Would a general design approach to consider for resolving various multisig group ceremonies that could get stuck be to introduce a time-to-live concept? In such an approach where these ceremonies are stuck would get reset (expired) because the initial request would expire if not fully committed after the default TTL for that type of request or an explicit TTL in the request.

2byrds commented 2 weeks ago

See https://github.com/WebOfTrust/signify-ts/pull/286 which addresses the 'catchup' for member 2 (they have the exn, notification).

2byrds commented 1 week ago

Would a general design approach to consider for resolving various multisig group ceremonies that could get stuck be to introduce a time-to-live concept? In such an approach where these ceremonies are stuck would get reset (expired) because the initial request would expire if not fully committed after the default TTL for that type of request or an explicit TTL in the request.
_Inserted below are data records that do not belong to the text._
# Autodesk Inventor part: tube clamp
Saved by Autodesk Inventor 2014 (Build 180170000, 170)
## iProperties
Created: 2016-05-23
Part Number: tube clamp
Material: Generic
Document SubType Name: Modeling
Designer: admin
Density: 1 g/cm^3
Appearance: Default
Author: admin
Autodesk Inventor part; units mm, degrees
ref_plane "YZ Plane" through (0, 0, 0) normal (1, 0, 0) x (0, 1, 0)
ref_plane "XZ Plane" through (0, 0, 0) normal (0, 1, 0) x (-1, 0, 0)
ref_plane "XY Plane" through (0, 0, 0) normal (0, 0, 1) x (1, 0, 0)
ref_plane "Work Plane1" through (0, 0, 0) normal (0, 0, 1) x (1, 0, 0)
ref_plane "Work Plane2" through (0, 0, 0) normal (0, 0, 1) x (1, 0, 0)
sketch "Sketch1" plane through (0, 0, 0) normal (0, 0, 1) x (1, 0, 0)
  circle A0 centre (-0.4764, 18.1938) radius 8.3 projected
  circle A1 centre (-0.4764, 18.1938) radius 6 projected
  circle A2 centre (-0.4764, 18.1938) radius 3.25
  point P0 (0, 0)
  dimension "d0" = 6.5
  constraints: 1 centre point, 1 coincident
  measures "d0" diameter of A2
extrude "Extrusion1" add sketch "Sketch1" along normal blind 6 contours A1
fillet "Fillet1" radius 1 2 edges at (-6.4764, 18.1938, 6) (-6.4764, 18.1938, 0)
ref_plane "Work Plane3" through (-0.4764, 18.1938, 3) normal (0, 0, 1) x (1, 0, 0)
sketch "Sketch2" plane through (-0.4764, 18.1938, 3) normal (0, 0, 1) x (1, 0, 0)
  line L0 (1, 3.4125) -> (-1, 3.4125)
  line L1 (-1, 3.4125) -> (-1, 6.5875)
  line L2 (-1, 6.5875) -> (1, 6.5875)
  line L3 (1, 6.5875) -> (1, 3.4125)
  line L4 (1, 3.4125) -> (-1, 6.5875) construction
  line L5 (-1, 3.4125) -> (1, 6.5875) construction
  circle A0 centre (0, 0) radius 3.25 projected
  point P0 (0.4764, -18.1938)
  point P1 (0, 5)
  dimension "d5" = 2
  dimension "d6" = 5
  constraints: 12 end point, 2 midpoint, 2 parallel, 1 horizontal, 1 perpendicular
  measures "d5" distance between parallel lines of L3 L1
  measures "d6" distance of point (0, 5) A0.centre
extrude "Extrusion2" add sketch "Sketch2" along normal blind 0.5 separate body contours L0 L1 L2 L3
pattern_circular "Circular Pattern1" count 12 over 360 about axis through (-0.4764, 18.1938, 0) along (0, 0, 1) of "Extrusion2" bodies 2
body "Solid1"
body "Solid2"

@edeykholt a lot of these issues are with one member getting out-of-sync with the group ops (the group ops succeeded). in terms of the out-of-sync member, i think the rollback i'm implementing could eventually be part of the 'time-to-live' that you mention. Perhaps it should be configurable so that the member can configure their expectation for the event, something like 'Lets issue this credential over the next 60 minutes, but if it doesn't finish by then, rollback this operation so we can try again later'.

edeykholt commented 1 week ago

@2byrds Seems like a good step forward.